While running this experiment, closely monitor the process on your machine. Windows users should use Task Manager, and Mac users should use Activity Monitor.
Finally, write up a short summary on this shared markdown file in Class-Lounge. A few sentences will do. How was your laptop’s handling of this data set? What sorts of resources would it take to successfully process it in its entirety and through more computationally demanding processes? Any other observations?

SUBMISSION: Your entry on this shared MD file. Make sure to properly resolve conflicts (if any)!

To-do #15

Trying out CRC, with bigger data + better code!

Warm-up

Following the H2P user guide, log into your CRC account.
Try out the To-do #14 redux I demonstrated in class, using 1 million review data.

A note about seff’s reporting on memory use. You might see the memory usage showing up as 0.00 MB instead of 9GB. Turns out, for short jobs, its reporting is not reliable. System monitoring is done on 30-second intervals, so jobs shorter than 30 seconds may completely slip through between polling.

Take 1: Bigger data

Let’s go bigger! Reprise the experiment using 4 million reviews this time.
Files involved: review_4mil.json (newly created), process_reviews.py (same Python script), todo14.sh (slurm script), todo14.out (newly generated output file).
Pay attention to the --mem-per-cpu option. Does your job need larger memory?
After the job is done, study the job stats via seff job-id command.

Take 2: Better code

Let’s improve our Python code this time. Create a new script file process_reviews_eff.py with the following.
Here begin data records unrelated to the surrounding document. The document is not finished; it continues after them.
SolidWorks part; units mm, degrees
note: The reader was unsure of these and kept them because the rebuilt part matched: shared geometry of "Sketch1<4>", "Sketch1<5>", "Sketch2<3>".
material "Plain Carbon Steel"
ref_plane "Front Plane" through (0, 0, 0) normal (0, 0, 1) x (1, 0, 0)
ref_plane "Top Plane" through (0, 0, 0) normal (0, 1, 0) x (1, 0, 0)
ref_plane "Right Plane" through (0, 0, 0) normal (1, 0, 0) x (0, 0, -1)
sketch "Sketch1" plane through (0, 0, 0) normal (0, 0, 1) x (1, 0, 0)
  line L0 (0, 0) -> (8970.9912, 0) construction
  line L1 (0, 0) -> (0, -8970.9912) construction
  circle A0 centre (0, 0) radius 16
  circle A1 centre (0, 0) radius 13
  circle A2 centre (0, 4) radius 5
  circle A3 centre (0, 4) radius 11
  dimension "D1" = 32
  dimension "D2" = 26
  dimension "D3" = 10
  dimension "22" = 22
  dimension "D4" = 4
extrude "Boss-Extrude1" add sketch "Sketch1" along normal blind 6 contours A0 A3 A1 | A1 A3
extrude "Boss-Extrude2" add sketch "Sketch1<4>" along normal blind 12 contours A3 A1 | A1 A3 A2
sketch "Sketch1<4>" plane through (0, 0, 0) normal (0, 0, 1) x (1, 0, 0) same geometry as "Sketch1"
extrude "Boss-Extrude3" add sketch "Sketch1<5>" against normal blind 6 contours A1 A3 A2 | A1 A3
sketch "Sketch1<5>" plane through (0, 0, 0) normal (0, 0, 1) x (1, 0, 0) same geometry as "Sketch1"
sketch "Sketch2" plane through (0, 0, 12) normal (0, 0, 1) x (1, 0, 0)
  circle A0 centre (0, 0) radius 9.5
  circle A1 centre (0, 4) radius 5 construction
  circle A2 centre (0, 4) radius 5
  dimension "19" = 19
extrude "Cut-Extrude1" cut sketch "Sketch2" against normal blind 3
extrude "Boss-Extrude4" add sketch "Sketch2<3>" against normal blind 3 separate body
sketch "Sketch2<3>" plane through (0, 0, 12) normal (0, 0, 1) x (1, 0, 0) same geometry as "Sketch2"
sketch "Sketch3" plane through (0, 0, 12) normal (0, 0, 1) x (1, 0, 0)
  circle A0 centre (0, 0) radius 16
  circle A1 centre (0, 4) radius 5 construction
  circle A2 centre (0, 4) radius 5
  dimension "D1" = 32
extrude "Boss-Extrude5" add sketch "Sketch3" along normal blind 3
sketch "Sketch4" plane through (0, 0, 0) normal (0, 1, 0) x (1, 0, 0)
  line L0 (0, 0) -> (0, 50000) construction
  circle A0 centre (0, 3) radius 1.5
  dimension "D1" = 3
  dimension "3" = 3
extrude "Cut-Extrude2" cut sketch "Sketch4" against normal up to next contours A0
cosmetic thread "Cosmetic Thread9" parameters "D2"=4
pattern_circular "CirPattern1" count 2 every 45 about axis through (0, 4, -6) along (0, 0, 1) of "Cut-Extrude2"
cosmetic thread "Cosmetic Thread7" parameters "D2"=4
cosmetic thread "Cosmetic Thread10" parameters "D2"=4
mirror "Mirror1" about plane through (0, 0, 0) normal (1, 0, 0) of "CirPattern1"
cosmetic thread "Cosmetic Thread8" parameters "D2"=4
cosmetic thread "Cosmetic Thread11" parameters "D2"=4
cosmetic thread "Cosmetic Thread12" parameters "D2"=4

The code produces the same results, but structured differently.

import pandas as pd
import sys
from collections import Counter

filename = sys.argv[1]

df_chunks = pd.read_json(filename, chunksize=10000, lines=True, encoding='utf-8')

wfreq = Counter()

for chunk in df_chunks:
    for text in chunk['text']:
        wfreq.update(text.split())

print(wfreq.most_common(20))

Keep the data size the same: 4 million reviews.
Create a new slurm script todo15.sh that runs this new Python script, with the output file name todo15.out.
After the job is done, study the job stats via seff job-id command. Night and day! What about this new Python code led to this much improvement in efficiency? Give it some thought, we’ll discuss in class.

Take 3: EVEN BIGGER data and better code (optional, ONLY IF you’re curious!)

Run the new, improved Python script on all of review data, which consists of 8.6 million reviews total.
When the job is done, again check the stats. How long did it take to run, and how much RAM did the process use?

SUBMISSION: Your files on CRC are your submission. I have read access to them.

To-do #16

Visit your classmates, round 2.

First, maintain your own guestbook. Respond to your classmates’ visit logs.
- No need to post a lengthy response – you are not starting a debate here! You can think of it as something akin to Facebook’s “like”, just a small acknowledgment or a thank you.
Now visit your classmates’ projects, two of ‘em. Like before we go by the order of first names, which can be found right in the directory. You should visit two people after your previous visits.
- Take a look around, and write on their guestbook. Like the previous visit, your entry should consist of: one thing you thought was done well, one avenue for improvement or suggestion, and one thing you learned.

SUBMISSION: Since Class-Lounge is a fully collaborative repo, there is no formal submission process.

To-do #17

Visit your classmates, round 3. You know what to do!